Water quality control remains an important topic of public health since some diseases, such as diarrhea, hepatitis, and cholera, are caused by its consumption. The microbiological quality of drinking water relies mainly on monitoring of Escherichia coli, a bacteria indicator which serves as an early sentinel of potential health hazards for the population. In this study, an electronic nose coupled to a volatile extraction system (was evaluated for the detection of the emitted compounds by E. coli in water samples where its capacity for the quantification of the bacteria was demonstrated). To achieve this purpose, the multisensory system was subjected to control samples for training. Later, it was tested with samples from drinking water treatment plants in two locations of Colombia. For the discrimination and classification of the water samples, the principal component analysis method was implemented obtaining a discrimination variance of 98.03% of the measurements to different concentrations. For the validation of the methodology, the membrane filtration technique was used. In addition, two classification methods were applied to the dataset where a success rate of 90% of classification was obtained using the discriminant function analysis and having a probabilistic neural network coupled to the cross-validation technique (leave-one-out) where a classification rate of 80% was obtained.

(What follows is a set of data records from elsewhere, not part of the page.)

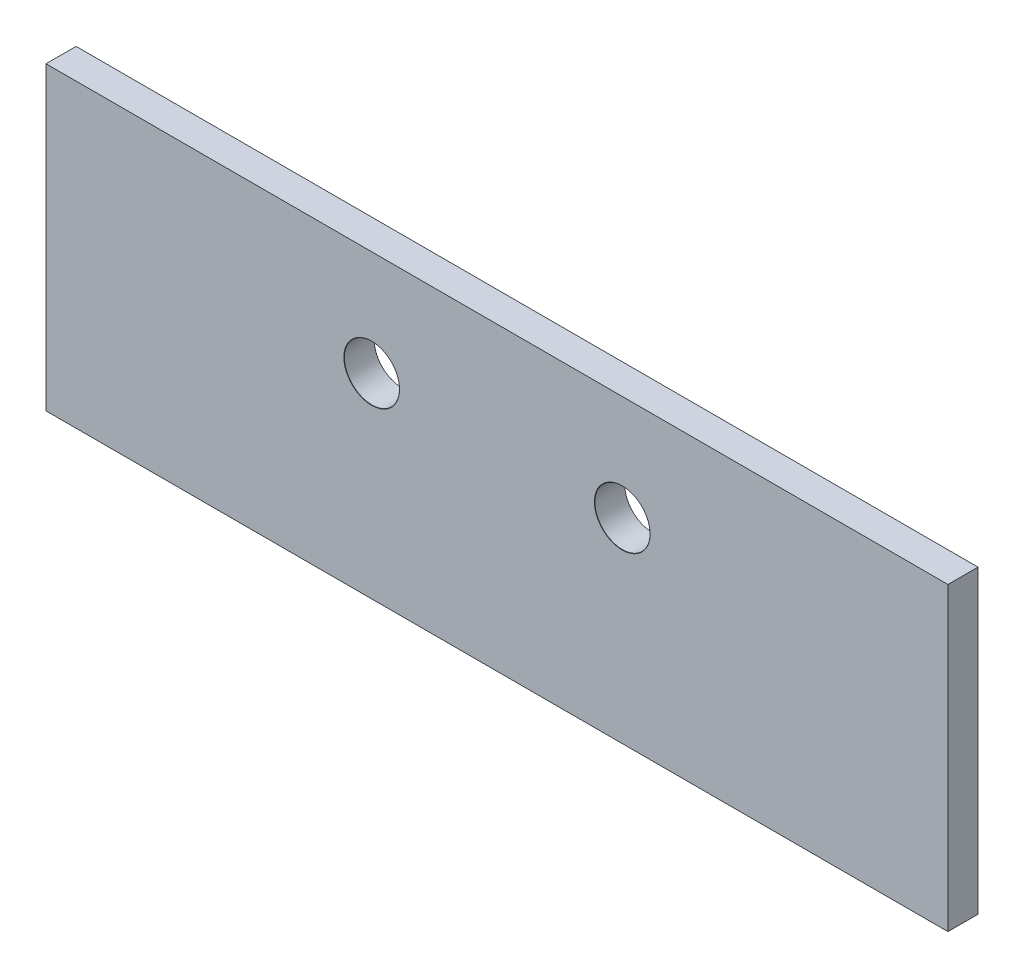
ISO-10303-21;
HEADER;
FILE_DESCRIPTION(('STEP AP214'),'2;1');
FILE_NAME('part.step','',(''),(''),'','','');
FILE_SCHEMA(('AUTOMOTIVE_DESIGN { 1 0 10303 214 1 1 1 1 }'));
ENDSEC;
DATA;
#1=APPLICATION_CONTEXT('core data for automotive mechanical design processes');
#2=APPLICATION_PROTOCOL_DEFINITION('international standard','automotive_design',2000,#1);
#3=PRODUCT_CONTEXT('',#1,'mechanical');
#4=PRODUCT('Part','Part','',(#3));
#5=PRODUCT_RELATED_PRODUCT_CATEGORY('part','',(#4));
#6=PRODUCT_DEFINITION_FORMATION('','',#4);
#7=PRODUCT_DEFINITION_CONTEXT('part definition',#1,'design');
#8=PRODUCT_DEFINITION('design','',#6,#7);
#9=PRODUCT_DEFINITION_SHAPE('','',#8);
#10=(LENGTH_UNIT() NAMED_UNIT(*) SI_UNIT(.MILLI.,.METRE.));
#11=(NAMED_UNIT(*) PLANE_ANGLE_UNIT() SI_UNIT($,.RADIAN.));
#12=(NAMED_UNIT(*) SI_UNIT($,.STERADIAN.) SOLID_ANGLE_UNIT());
#13=UNCERTAINTY_MEASURE_WITH_UNIT(LENGTH_MEASURE(1.E-05),#10,'distance_accuracy_value','');
#14=(GEOMETRIC_REPRESENTATION_CONTEXT(3) GLOBAL_UNCERTAINTY_ASSIGNED_CONTEXT((#13)) GLOBAL_UNIT_ASSIGNED_CONTEXT((#10,
#11,#12)) REPRESENTATION_CONTEXT('',''));
#15=CARTESIAN_POINT('',(0.,0.,0.));
#16=DIRECTION('',(0.,0.,1.));
#17=DIRECTION('',(1.,0.,0.));
#18=AXIS2_PLACEMENT_3D('',#15,#16,#17);
#19=CARTESIAN_POINT('',(-45.,15.,1.5));
#20=DIRECTION('',(1.,0.,0.));
#21=DIRECTION('',(0.,1.,0.));
#22=AXIS2_PLACEMENT_3D('',#19,#20,#21);
#23=PLANE('',#22);
#24=DIRECTION('',(0.,-1.,0.));
#25=VECTOR('',#24,1.);
#26=CARTESIAN_POINT('',(-45.,15.,-1.5));
#27=LINE('',#26,#25);
#28=CARTESIAN_POINT('',(-45.,15.,-1.5));
#29=VERTEX_POINT('',#28);
#30=CARTESIAN_POINT('',(-45.,-15.,-1.5));
#31=VERTEX_POINT('',#30);
#32=EDGE_CURVE('E115',#29,#31,#27,.T.);
#33=ORIENTED_EDGE('',*,*,#32,.T.);
#34=DIRECTION('',(0.,0.,-1.));
#35=VECTOR('',#34,1.);
#36=CARTESIAN_POINT('',(-45.,-15.,1.5));
#37=LINE('',#36,#35);
#38=CARTESIAN_POINT('',(-45.,-15.,1.5));
#39=VERTEX_POINT('',#38);
#40=EDGE_CURVE('E11',#39,#31,#37,.T.);
#41=ORIENTED_EDGE('',*,*,#40,.F.);
#42=DIRECTION('',(0.,-1.,0.));
#43=VECTOR('',#42,1.);
#44=CARTESIAN_POINT('',(-45.,15.,1.5));
#45=LINE('',#44,#43);
#46=CARTESIAN_POINT('',(-45.,15.,1.5));
#47=VERTEX_POINT('',#46);
#48=EDGE_CURVE('E92',#47,#39,#45,.T.);
#49=ORIENTED_EDGE('',*,*,#48,.F.);
#50=DIRECTION('',(0.,0.,-1.));
#51=VECTOR('',#50,1.);
#52=CARTESIAN_POINT('',(-45.,15.,1.5));
#53=LINE('',#52,#51);
#54=EDGE_CURVE('E107',#47,#29,#53,.T.);
#55=ORIENTED_EDGE('',*,*,#54,.T.);
#56=EDGE_LOOP('',(#33,#41,#49,#55));
#57=FACE_BOUND('',#56,.T.);
#58=ADVANCED_FACE('F43',(#57),#23,.F.);
#59=CARTESIAN_POINT('',(45.,-15.,1.5));
#60=DIRECTION('',(0.,1.,0.));
#61=DIRECTION('',(-1.,0.,0.));
#62=AXIS2_PLACEMENT_3D('',#59,#60,#61);
#63=PLANE('',#62);
#64=DIRECTION('',(1.,0.,0.));
#65=VECTOR('',#64,1.);
#66=CARTESIAN_POINT('',(45.,-15.,-1.5));
#67=LINE('',#66,#65);
#68=CARTESIAN_POINT('',(45.,-15.,-1.5));
#69=VERTEX_POINT('',#68);
#70=EDGE_CURVE('E99',#31,#69,#67,.T.);
#71=ORIENTED_EDGE('',*,*,#70,.T.);
#72=DIRECTION('',(0.,0.,-1.));
#73=VECTOR('',#72,1.);
#74=CARTESIAN_POINT('',(45.,-15.,1.5));
#75=LINE('',#74,#73);
#76=CARTESIAN_POINT('',(45.,-15.,1.5));
#77=VERTEX_POINT('',#76);
#78=EDGE_CURVE('E55',#77,#69,#75,.T.);
#79=ORIENTED_EDGE('',*,*,#78,.F.);
#80=DIRECTION('',(1.,0.,0.));
#81=VECTOR('',#80,1.);
#82=CARTESIAN_POINT('',(45.,-15.,1.5));
#83=LINE('',#82,#81);
#84=EDGE_CURVE('E89',#39,#77,#83,.T.);
#85=ORIENTED_EDGE('',*,*,#84,.F.);
#86=ORIENTED_EDGE('',*,*,#40,.T.);
#87=EDGE_LOOP('',(#71,#79,#85,#86));
#88=FACE_BOUND('',#87,.T.);
#89=ADVANCED_FACE('F97',(#88),#63,.F.);
#90=CARTESIAN_POINT('',(45.,15.,1.5));
#91=DIRECTION('',(-1.,0.,0.));
#92=DIRECTION('',(0.,-1.,0.));
#93=AXIS2_PLACEMENT_3D('',#90,#91,#92);
#94=PLANE('',#93);
#95=DIRECTION('',(0.,1.,0.));
#96=VECTOR('',#95,1.);
#97=CARTESIAN_POINT('',(45.,15.,-1.5));
#98=LINE('',#97,#96);
#99=CARTESIAN_POINT('',(45.,15.,-1.5));
#100=VERTEX_POINT('',#99);
#101=EDGE_CURVE('E80',#69,#100,#98,.T.);
#102=ORIENTED_EDGE('',*,*,#101,.T.);
#103=DIRECTION('',(0.,0.,-1.));
#104=VECTOR('',#103,1.);
#105=CARTESIAN_POINT('',(45.,15.,1.5));
#106=LINE('',#105,#104);
#107=CARTESIAN_POINT('',(45.,15.,1.5));
#108=VERTEX_POINT('',#107);
#109=EDGE_CURVE('E105',#108,#100,#106,.T.);
#110=ORIENTED_EDGE('',*,*,#109,.F.);
#111=DIRECTION('',(0.,1.,0.));
#112=VECTOR('',#111,1.);
#113=CARTESIAN_POINT('',(45.,15.,1.5));
#114=LINE('',#113,#112);
#115=EDGE_CURVE('E91',#77,#108,#114,.T.);
#116=ORIENTED_EDGE('',*,*,#115,.F.);
#117=ORIENTED_EDGE('',*,*,#78,.T.);
#118=EDGE_LOOP('',(#102,#110,#116,#117));
#119=FACE_BOUND('',#118,.T.);
#120=ADVANCED_FACE('F103',(#119),#94,.F.);
#121=CARTESIAN_POINT('',(45.,15.,1.5));
#122=DIRECTION('',(0.,-1.,0.));
#123=DIRECTION('',(1.,0.,0.));
#124=AXIS2_PLACEMENT_3D('',#121,#122,#123);
#125=PLANE('',#124);
#126=DIRECTION('',(-1.,0.,0.));
#127=VECTOR('',#126,1.);
#128=CARTESIAN_POINT('',(45.,15.,-1.5));
#129=LINE('',#128,#127);
#130=EDGE_CURVE('E81',#100,#29,#129,.T.);
#131=ORIENTED_EDGE('',*,*,#130,.T.);
#132=ORIENTED_EDGE('',*,*,#54,.F.);
#133=DIRECTION('',(-1.,0.,0.));
#134=VECTOR('',#133,1.);
#135=CARTESIAN_POINT('',(45.,15.,1.5));
#136=LINE('',#135,#134);
#137=EDGE_CURVE('E58',#108,#47,#136,.T.);
#138=ORIENTED_EDGE('',*,*,#137,.F.);
#139=ORIENTED_EDGE('',*,*,#109,.T.);
#140=EDGE_LOOP('',(#131,#132,#138,#139));
#141=FACE_BOUND('',#140,.T.);
#142=ADVANCED_FACE('F130',(#141),#125,.F.);
#143=CARTESIAN_POINT('',(0.,0.,1.5));
#144=DIRECTION('',(0.,0.,-1.));
#145=DIRECTION('',(-1.,0.,0.));
#146=AXIS2_PLACEMENT_3D('',#143,#144,#145);
#147=PLANE('',#146);
#148=CARTESIAN_POINT('',(-12.5,4.5,1.5));
#149=DIRECTION('',(0.,0.,1.));
#150=DIRECTION('',(1.,0.,0.));
#151=AXIS2_PLACEMENT_3D('',#148,#149,#150);
#152=CIRCLE('',#151,2.775);
#153=CARTESIAN_POINT('',(-9.725,4.5,1.5));
#154=VERTEX_POINT('',#153);
#155=EDGE_CURVE('E152',#154,#154,#152,.T.);
#156=ORIENTED_EDGE('',*,*,#155,.F.);
#157=EDGE_LOOP('',(#156));
#158=FACE_BOUND('',#157,.T.);
#159=CARTESIAN_POINT('',(12.5,4.5,1.5));
#160=DIRECTION('',(0.,0.,1.));
#161=DIRECTION('',(1.,0.,0.));
#162=AXIS2_PLACEMENT_3D('',#159,#160,#161);
#163=CIRCLE('',#162,2.775);
#164=CARTESIAN_POINT('',(15.275,4.5,1.5));
#165=VERTEX_POINT('',#164);
#166=EDGE_CURVE('E142',#165,#165,#163,.T.);
#167=ORIENTED_EDGE('',*,*,#166,.F.);
#168=EDGE_LOOP('',(#167));
#169=FACE_BOUND('',#168,.T.);
#170=ORIENTED_EDGE('',*,*,#48,.T.);
#171=ORIENTED_EDGE('',*,*,#84,.T.);
#172=ORIENTED_EDGE('',*,*,#115,.T.);
#173=ORIENTED_EDGE('',*,*,#137,.T.);
#174=EDGE_LOOP('',(#170,#171,#172,#173));
#175=FACE_BOUND('',#174,.T.);
#176=ADVANCED_FACE('F93',(#158,#169,#175),#147,.F.);
#177=CARTESIAN_POINT('',(0.,0.,-1.5));
#178=DIRECTION('',(0.,0.,-1.));
#179=DIRECTION('',(-1.,0.,0.));
#180=AXIS2_PLACEMENT_3D('',#177,#178,#179);
#181=PLANE('',#180);
#182=CARTESIAN_POINT('',(-12.5,4.5,-1.5));
#183=DIRECTION('',(0.,0.,1.));
#184=DIRECTION('',(1.,0.,0.));
#185=AXIS2_PLACEMENT_3D('',#182,#183,#184);
#186=CIRCLE('',#185,2.75);
#187=CARTESIAN_POINT('',(-9.75,4.5,-1.5));
#188=VERTEX_POINT('',#187);
#189=EDGE_CURVE('E148',#188,#188,#186,.T.);
#190=ORIENTED_EDGE('',*,*,#189,.T.);
#191=EDGE_LOOP('',(#190));
#192=FACE_BOUND('',#191,.T.);
#193=CARTESIAN_POINT('',(12.5,4.5,-1.5));
#194=DIRECTION('',(0.,0.,1.));
#195=DIRECTION('',(1.,0.,0.));
#196=AXIS2_PLACEMENT_3D('',#193,#194,#195);
#197=CIRCLE('',#196,2.75);
#198=CARTESIAN_POINT('',(15.25,4.5,-1.5));
#199=VERTEX_POINT('',#198);
#200=EDGE_CURVE('E119',#199,#199,#197,.T.);
#201=ORIENTED_EDGE('',*,*,#200,.T.);
#202=EDGE_LOOP('',(#201));
#203=FACE_BOUND('',#202,.T.);
#204=ORIENTED_EDGE('',*,*,#32,.F.);
#205=ORIENTED_EDGE('',*,*,#130,.F.);
#206=ORIENTED_EDGE('',*,*,#101,.F.);
#207=ORIENTED_EDGE('',*,*,#70,.F.);
#208=EDGE_LOOP('',(#204,#205,#206,#207));
#209=FACE_BOUND('',#208,.T.);
#210=ADVANCED_FACE('F128',(#192,#203,#209),#181,.T.);
#211=CARTESIAN_POINT('',(12.5,4.5,1.5));
#212=DIRECTION('',(0.,0.,1.));
#213=DIRECTION('',(1.,0.,0.));
#214=AXIS2_PLACEMENT_3D('',#211,#212,#213);
#215=CYLINDRICAL_SURFACE('',#214,2.75);
#216=ORIENTED_EDGE('',*,*,#200,.F.);
#217=EDGE_LOOP('',(#216));
#218=FACE_BOUND('',#217,.T.);
#219=CARTESIAN_POINT('',(12.5,4.5,1.475));
#220=DIRECTION('',(0.,0.,1.));
#221=DIRECTION('',(1.,0.,0.));
#222=AXIS2_PLACEMENT_3D('',#219,#220,#221);
#223=CIRCLE('',#222,2.75);
#224=CARTESIAN_POINT('',(15.25,4.5,1.475));
#225=VERTEX_POINT('',#224);
#226=EDGE_CURVE('E136',#225,#225,#223,.T.);
#227=ORIENTED_EDGE('',*,*,#226,.T.);
#228=EDGE_LOOP('',(#227));
#229=FACE_BOUND('',#228,.T.);
#230=ADVANCED_FACE('F168',(#218,#229),#215,.F.);
#231=CARTESIAN_POINT('',(12.5,4.5,1.5));
#232=DIRECTION('',(0.,0.,1.));
#233=DIRECTION('',(1.,0.,0.));
#234=AXIS2_PLACEMENT_3D('',#231,#232,#233);
#235=CONICAL_SURFACE('',#234,2.775,0.785398163397336);
#236=ORIENTED_EDGE('',*,*,#226,.F.);
#237=EDGE_LOOP('',(#236));
#238=FACE_BOUND('',#237,.T.);
#239=ORIENTED_EDGE('',*,*,#166,.T.);
#240=EDGE_LOOP('',(#239));
#241=FACE_BOUND('',#240,.T.);
#242=ADVANCED_FACE('F170',(#238,#241),#235,.F.);
#243=CARTESIAN_POINT('',(-12.5,4.5,1.5));
#244=DIRECTION('',(0.,0.,1.));
#245=DIRECTION('',(1.,0.,0.));
#246=AXIS2_PLACEMENT_3D('',#243,#244,#245);
#247=CYLINDRICAL_SURFACE('',#246,2.75);
#248=ORIENTED_EDGE('',*,*,#189,.F.);
#249=EDGE_LOOP('',(#248));
#250=FACE_BOUND('',#249,.T.);
#251=CARTESIAN_POINT('',(-12.5,4.5,1.475));
#252=DIRECTION('',(0.,0.,1.));
#253=DIRECTION('',(1.,0.,0.));
#254=AXIS2_PLACEMENT_3D('',#251,#252,#253);
#255=CIRCLE('',#254,2.75);
#256=CARTESIAN_POINT('',(-9.75,4.5,1.475));
#257=VERTEX_POINT('',#256);
#258=EDGE_CURVE('E147',#257,#257,#255,.T.);
#259=ORIENTED_EDGE('',*,*,#258,.T.);
#260=EDGE_LOOP('',(#259));
#261=FACE_BOUND('',#260,.T.);
#262=ADVANCED_FACE('F166',(#250,#261),#247,.F.);
#263=CARTESIAN_POINT('',(-12.5,4.5,1.5));
#264=DIRECTION('',(0.,0.,1.));
#265=DIRECTION('',(1.,0.,0.));
#266=AXIS2_PLACEMENT_3D('',#263,#264,#265);
#267=CONICAL_SURFACE('',#266,2.775,0.785398163397336);
#268=ORIENTED_EDGE('',*,*,#258,.F.);
#269=EDGE_LOOP('',(#268));
#270=FACE_BOUND('',#269,.T.);
#271=ORIENTED_EDGE('',*,*,#155,.T.);
#272=EDGE_LOOP('',(#271));
#273=FACE_BOUND('',#272,.T.);
#274=ADVANCED_FACE('F159',(#270,#273),#267,.F.);
#275=CLOSED_SHELL('',(#58,#89,#120,#142,#176,#210,#230,#242,#262,#274));
#276=MANIFOLD_SOLID_BREP('B2',#275);
#277=ADVANCED_BREP_SHAPE_REPRESENTATION('',(#18,#276),#14);
#278=SHAPE_DEFINITION_REPRESENTATION(#9,#277);
ENDSEC;
END-ISO-10303-21;

The application of this methodology achieved an excellent classification of the samples, discriminating the free samples of E. coli from those that contained the bacteria. In the same way, it was observed that the system could correctly estimate the concentration of this bacteria in the samples. The proposed method in this study has a high potential to be applied in the determination of E. coli in drinking water since, in addition for estimating concentration ranges and having the necessary sensitivity, it significantly reduces the time of analysis compared to traditional methods.